Beginning with the first line below, retype exactly each line through the one containing "doc.styles.add('RC', font='ROMANC.SHX')". Leave out all pictures.

(Beginning of SOURCE RECORDS)

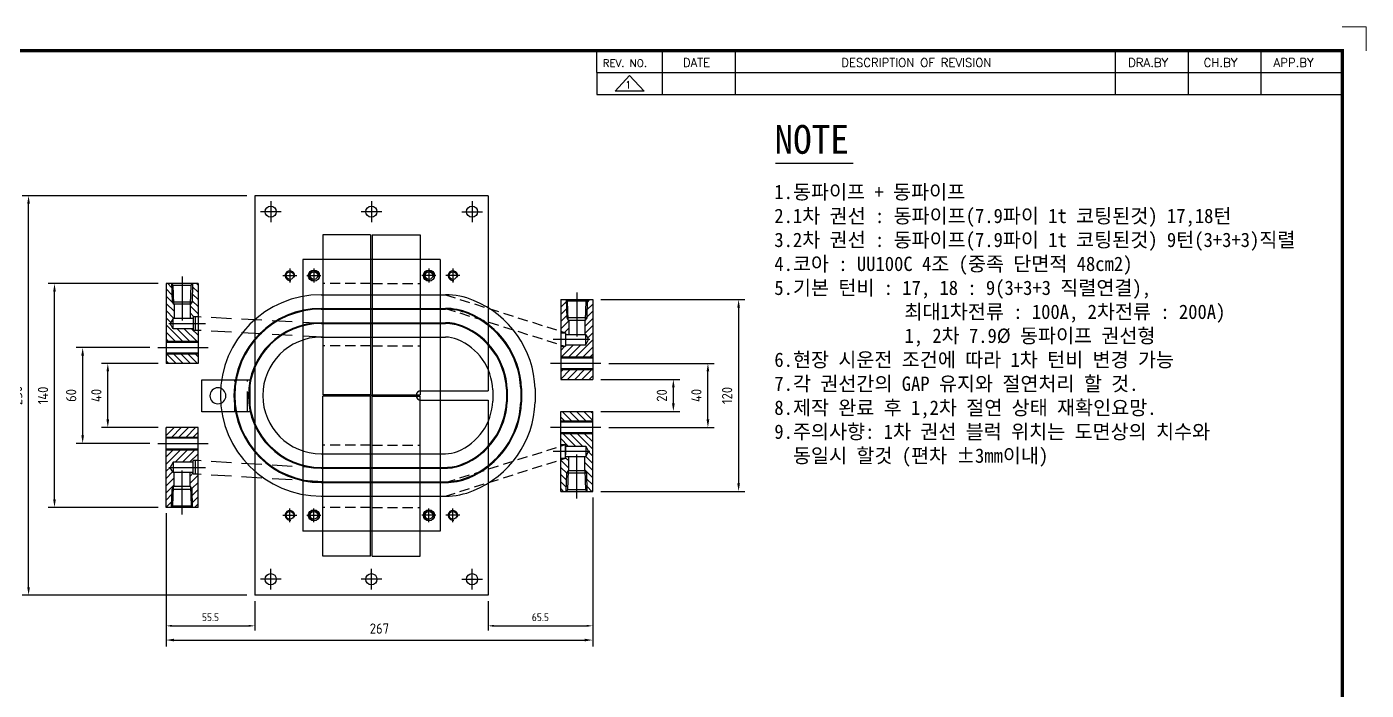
# Model space of a CAD drawing. Header units: millimetres. Extents: x 24815 to 37444, y -10619 to 6020.
# Drawn here: x 26305 to 27143, y -5515 to -5100 of the extents above; entities that cross this region are included whole.
import ezdxf
from ezdxf.enums import TextEntityAlignment as Align

# ---------------------------------------------------------------- set-up
doc = ezdxf.new("R2010")
doc.units = ezdxf.units.MM
for name, pattern in [('CENTER', [50.8, 31.75, -6.35, 6.35, -6.35]), ('CENTER2', [28.575, 19.05, -3.175, 3.175, -3.175]), ('HIDDENX2', [19.05, 12.7, -6.35])]:
    doc.linetypes.add(name, pattern=pattern)
doc.layers.add('FORMAT-1', color=7, linetype='Continuous')
doc.styles.add('HAN', font='')
doc.styles.add('RC', font='ROMANC.SHX')
doc.styles.get("Standard").update_dxf_attribs({"font": 'ISOCP.SHX', "bigfont": 'WHGTXT.SHX'})
doc.styles.get('HAN').set_extended_font_data('GulimChe')
doc.dimstyles.new('PS-1.5', dxfattribs={"dimscale": 1.5, "dimtxt": 3.2, "dimasz": 2.5, "dimexe": 2, "dimexo": 2.5, "dimgap": 2, "dimtad": 1, "dimtoh": 1, "dimrnd": 0.05, "dimzin": 12, "dimdsep": 46, "dimtxsty": 'Standard', "dimcen": 0, "dimclrt": 2, "dimazin": 3, "dimtfac": 1, "dimtofl": 0, "dimtmove": 0, "dimatfit": 3, "dimfxl": 0.18, "dimtolj": 1, "dimtzin": 0, "dimarcsym": 0})
doc.dimstyles.new('PS-2', dxfattribs={"dimscale": 2, "dimtxt": 3.2, "dimasz": 2.5, "dimexe": 2, "dimexo": 2.5, "dimgap": 2, "dimtad": 1, "dimtoh": 1, "dimrnd": 0.05, "dimzin": 12, "dimdsep": 46, "dimtxsty": 'Standard', "dimcen": 0, "dimclrt": 2, "dimazin": 3, "dimtfac": 1, "dimtofl": 0, "dimtmove": 0, "dimatfit": 3, "dimfxl": 0.18, "dimtolj": 1, "dimtzin": 0, "dimarcsym": 0})

# ---------------------------------------------------------------- blocks, each defined once
blk = doc.blocks.new('*D1065')
at = {"color": 0, "lineweight": -2, "transparency": 16777216}
for p, q in [((26663.71, -5320.38), (26713.18, -5320.38)), ((26709.18, -5335.38), (26709.18, -5325.38)), ((26663.71, -5340.38), (26713.18, -5340.38))]:
    blk.add_line(p, q, dxfattribs=at)
at = {"color": 0, "transparency": 16777216}
for points in [[(26708.35, -5325.38), (26710.02, -5325.38), (26709.18, -5320.38)], [(26708.35, -5335.38), (26710.02, -5335.38), (26709.18, -5340.38)]]:
    blk.add_solid(points, dxfattribs=at)
at = {"layer": 'Defpoints', "color": 0, "transparency": 16777216}
for p in [(26658.71, -5320.38), (26709.18, -5320.38), (26658.71, -5340.38)]:
    blk.add_point(p, dxfattribs=at)
at = {"color": 2, "transparency": 16777216, "insert": (26701.98, -5330.38), "char_height": 6.4, "attachment_point": 5, "rotation": 90}
blk.add_mtext('\\A1;20', dxfattribs=at)
blk = doc.blocks.new('*D1066')
at = {"color": 0, "lineweight": -2, "transparency": 16777216}
for p, q in [((26668.82, -5310.38), (26734.82, -5310.38)), ((26730.82, -5345.38), (26730.82, -5315.38)), ((26668.82, -5350.38), (26734.82, -5350.38))]:
    blk.add_line(p, q, dxfattribs=at)
at = {"color": 0, "transparency": 16777216}
for points in [[(26729.98, -5315.38), (26731.65, -5315.38), (26730.82, -5310.38)], [(26729.98, -5345.38), (26731.65, -5345.38), (26730.82, -5350.38)]]:
    blk.add_solid(points, dxfattribs=at)
at = {"layer": 'Defpoints', "color": 0, "transparency": 16777216}
for p in [(26663.82, -5310.38), (26730.82, -5310.38), (26663.82, -5350.38)]:
    blk.add_point(p, dxfattribs=at)
at = {"color": 2, "transparency": 16777216, "insert": (26723.62, -5330.38), "char_height": 6.4, "attachment_point": 5, "rotation": 90}
blk.add_mtext('\\A1;40', dxfattribs=at)
blk = doc.blocks.new('qweafwa')
at = {"color": 3}
for p, q in [((54843.13, 131569.93), (54943.13, 131569.93)), ((54843.13, 131569.93), (54843.13, 131539.93)), ((54943.13, 131569.93), (54943.13, 131539.93)), ((54843.13, 131539.93), (54943.13, 131539.93))]:
    blk.add_line(p, q, dxfattribs=at)
at = {"color": 2, "linetype": 'HIDDENX2', "ltscale": 0.5}
for p, q in [((54873.63, 131569.93), (54873.63, 131539.93)), ((54912.63, 131569.93), (54912.63, 131539.93))]:
    blk.add_line(p, q, dxfattribs=at)
blk = doc.blocks.new('W3FCDSERTF')
at = {"color": 40}
for p, q in [((17905.8, -33979), (17905.8, -34065)), ((17905.8, -33979), (18075.8, -33979)), ((18075.8, -33979), (18075.8, -34065)), ((17905.8, -34065), (18075.8, -34065))]:
    blk.add_line(p, q, dxfattribs=at)
at = {"color": 1, "linetype": 'CENTER2'}
for p, q in [((17915.8, -33981.62), (17915.8, -33990.38)), ((18065.8, -33981.62), (18065.8, -33990.38)), ((17911.42, -33986), (17920.18, -33986)), ((18070.18, -33986), (18061.42, -33986)), ((17911.42, -34058), (17920.18, -34058)), ((17915.8, -34062.38), (17915.8, -34053.62)), ((18070.18, -34058), (18061.42, -34058)), ((18065.8, -34062.38), (18065.8, -34053.62))]:
    blk.add_line(p, q, dxfattribs=at)
at = {"color": 40}
for centre in [(17915.8, -33986), (18065.8, -33986), (17915.8, -34058), (18065.8, -34058)]:
    blk.add_circle(centre, 3.5, dxfattribs=at)
blk = doc.blocks.new('QW3EFCWEW4RT')
h = blk.add_hatch()
h.set_pattern_fill('ANSI31', color=256, style=0)
h.set_pattern_definition([(45, (20879.2575, 78.3932), (-2.24506403, 2.24506403), [])])
h.paths.add_polyline_path([(17403.69, -34509.93), (17403.69, -34513.35), (17415.09, -34513.64), (17416.66, -34514.55), (17416.66, -34514.93), (17425.44, -34514.93), (17425.44, -34512.93), (17424.44, -34512.93), (17424.44, -34509.93)], flags=17)
h.paths.add_polyline_path([(17416.66, -34524.93), (17416.66, -34525.31), (17415.09, -34526.21), (17403.69, -34526.5), (17403.69, -34529.93), (17439.69, -34529.93), (17439.69, -34509.93), (17432.94, -34509.93), (17432.94, -34512.93), (17431.94, -34512.93), (17431.94, -34525.6), (17428.69, -34527.37), (17425.44, -34525.6), (17425.44, -34524.93)])
h.paths.add_polyline_path([(17453.69, -34509.93), (17447.69, -34509.93), (17447.69, -34529.93), (17453.69, -34529.93)])
at = {"color": 1, "linetype": 'CENTER', "ltscale": 3}
for p, q in [((17443.69, -34535.03), (17443.69, -34503.59)), ((17428.69, -34528.16), (17428.69, -34505.16)), ((17399.27, -34519.93), (17426.82, -34519.93))]:
    blk.add_line(p, q, dxfattribs=at)
at = {"color": 1}
for p, q in [((17403.69, -34509.93), (17453.69, -34509.93)), ((17403.69, -34509.93), (17403.69, -34529.93)), ((17424.44, -34509.93), (17424.44, -34512.93)), ((17424.44, -34512.93), (17432.94, -34512.93)), ((17425.44, -34512.93), (17425.44, -34525.6)), ((17431.94, -34512.93), (17431.94, -34525.6)), ((17432.94, -34509.93), (17432.94, -34512.93)), ((17453.69, -34509.93), (17453.69, -34529.93)), ((17416.66, -34514.93), (17425.44, -34514.93)), ((17416.66, -34524.93), (17425.44, -34524.93)), ((17425.44, -34525.6), (17428.69, -34527.37)), ((17431.94, -34525.6), (17425.44, -34525.6)), ((17431.94, -34525.6), (17428.69, -34527.37)), ((17403.69, -34529.93), (17453.69, -34529.93))]:
    blk.add_line(p, q, dxfattribs=at)
at = {"color": 2}
blk.add_line((17403.69, -34511.53), (17403.69, -34525.83), dxfattribs=at)
for p, q in [((17439.69, -34529.93), (17439.69, -34509.93)), ((17447.69, -34529.93), (17447.69, -34509.93)), ((17403.69, -34513.35), (17403.69, -34526.5)), ((17404.58, -34514.23), (17403.69, -34513.35)), ((17404.58, -34525.62), (17404.58, -34514.23)), ((17415.09, -34526.21), (17415.09, -34513.64)), ((17416.66, -34514.55), (17416.66, -34525.31)), ((17403.69, -34526.5), (17404.58, -34525.62))]:
    blk.add_line(p, q)
at = {"color": 3}
for p, q in [((17440.29, -34529.93), (17440.29, -34509.93)), ((17447.09, -34529.93), (17447.09, -34509.93)), ((17416.66, -34514.55), (17404.58, -34514.23)), ((17404.58, -34525.62), (17416.66, -34525.31))]:
    blk.add_line(p, q, dxfattribs=at)
for points in [[(17403.69, -34513.35), (17415.09, -34513.64), (17416.66, -34514.55)], [(17403.69, -34526.5), (17415.09, -34526.21), (17416.66, -34525.31)]]:
    blk.add_lwpolyline(points)
blk = doc.blocks.new('qw33erdcw4e4rt')
at = {"color": 40}
for p, q in [((17883.34, -34082.72), (17883.34, -33936.72)), ((18133.34, -33936.72), (17883.34, -33936.72)), ((18133.34, -34082.72), (18133.34, -33936.72)), ((18005.34, -34040.72), (18005.34, -34082.72)), ((18011.34, -34040.72), (18011.34, -34082.72)), ((18005.34, -34082.72), (17883.34, -34082.72)), ((18133.34, -34082.72), (18011.34, -34082.72))]:
    blk.add_line(p, q, dxfattribs=at)
at = {"color": 1, "linetype": 'CENTER2'}
for p, q in [((17893.34, -33953.22), (17893.34, -33940.22)), ((18123.34, -33953.22), (18123.34, -33940.22)), ((17886.84, -33946.72), (17899.84, -33946.72)), ((18129.84, -33946.72), (18116.84, -33946.72)), ((17928.96, -33958.72), (17937.71, -33958.72)), ((17933.34, -33954.35), (17933.34, -33963.1)), ((18087.71, -33958.72), (18078.96, -33958.72)), ((18083.34, -33954.35), (18083.34, -33963.1)), ((17928.96, -33973.72), (17937.71, -33973.72)), ((17933.34, -33969.35), (17933.34, -33978.1)), ((18087.71, -33973.72), (18078.96, -33973.72)), ((18083.34, -33969.35), (18083.34, -33978.1)), ((17886.84, -34009.72), (17899.84, -34009.72)), ((17893.34, -34016.22), (17893.34, -34003.22)), ((18129.84, -34009.72), (18116.84, -34009.72)), ((18123.34, -34016.22), (18123.34, -34003.22)), ((17933.34, -34050.1), (17933.34, -34041.35)), ((18083.34, -34050.1), (18083.34, -34041.35)), ((17928.96, -34045.72), (17937.71, -34045.72)), ((18087.71, -34045.72), (18078.96, -34045.72)), ((17933.34, -34065.1), (17933.34, -34056.35)), ((18083.34, -34065.1), (18083.34, -34056.35)), ((17893.34, -34066.22), (17893.34, -34079.22)), ((17928.96, -34060.72), (17937.71, -34060.72)), ((18087.71, -34060.72), (18078.96, -34060.72)), ((18123.34, -34066.22), (18123.34, -34079.22)), ((17886.84, -34072.72), (17899.84, -34072.72)), ((18129.84, -34072.72), (18116.84, -34072.72))]:
    blk.add_line(p, q, dxfattribs=at)
at = {"color": 40}
for centre in [(17893.34, -33946.72), (18123.34, -33946.72), (17893.34, -34009.72), (18123.34, -34009.72), (17893.34, -34072.72), (18123.34, -34072.72)]:
    blk.add_circle(centre, 3.5, dxfattribs=at)
for centre in [(17933.34, -33958.72), (18083.34, -33958.72), (17933.34, -33973.72), (18083.34, -33973.72), (17933.34, -34045.72), (18083.34, -34045.72), (17933.34, -34060.72), (18083.34, -34060.72)]:
    blk.add_circle(centre, 2.4)
at = {"color": 3}
for centre in [(17933.34, -33958.72), (18083.34, -33958.72), (17933.34, -33973.72), (18083.34, -33973.72), (17933.34, -34045.72), (18083.34, -34045.72), (17933.34, -34060.72), (18083.34, -34060.72)]:
    blk.add_arc(centre, 3, 249.09255, 189.42765, dxfattribs=at)
at = {"color": 40}
blk.add_arc((18008.34, -34040.72), 3, 0, 180, dxfattribs=at)
blk = doc.blocks.new('aseefwAG')
at = {"color": 6}
for p, q in [((978.69, 254.27), (948.69, 254.26)), ((948.69, 254.26), (948.69, 234.26)), ((978.69, 234.27), (978.69, 254.27)), ((948.69, 234.26), (978.69, 234.27))]:
    blk.add_line(p, q, dxfattribs=at)
at = {"color": 2, "linetype": 'HIDDENX2'}
for p, q in [((950.19, 234.26), (950.19, 254.26)), ((958.19, 234.26), (958.19, 254.26))]:
    blk.add_line(p, q, dxfattribs=at)
at = {"color": 6}
blk.add_circle((968.69, 244.26), 5, dxfattribs=at)
blk = doc.blocks.new('format-3')
at = {"color": 3, "lineweight": 9}
for p in [(414.5, 291.3), (419.5, 286.3)]:
    blk.add_line(p, (419.5, 291.3), dxfattribs=at)
at = {"color": 180}
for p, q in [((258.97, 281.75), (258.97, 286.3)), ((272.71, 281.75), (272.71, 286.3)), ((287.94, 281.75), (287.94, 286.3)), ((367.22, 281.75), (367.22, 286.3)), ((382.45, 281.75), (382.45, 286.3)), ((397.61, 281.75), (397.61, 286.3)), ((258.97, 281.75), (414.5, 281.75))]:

(End of SOURCE RECORDS)

## SOLUTION
# Model space of a CAD drawing. Header units: millimetres. Extents: x 24815 to 37444, y -10619 to 6020.
# Drawn here: x 26305 to 27143, y -5515 to -5100 of the extents above; entities that cross this region are included whole.
import ezdxf
from ezdxf.enums import TextEntityAlignment as Align

# ---------------------------------------------------------------- set-up
doc = ezdxf.new("R2010")
doc.units = ezdxf.units.MM
for name, pattern in [('CENTER', [50.8, 31.75, -6.35, 6.35, -6.35]), ('CENTER2', [28.575, 19.05, -3.175, 3.175, -3.175]), ('HIDDENX2', [19.05, 12.7, -6.35])]:
    doc.linetypes.add(name, pattern=pattern)
doc.layers.add('FORMAT-1', color=7, linetype='Continuous')
doc.styles.add('HAN', font='')
doc.styles.add('RC', font='ROMANC.SHX')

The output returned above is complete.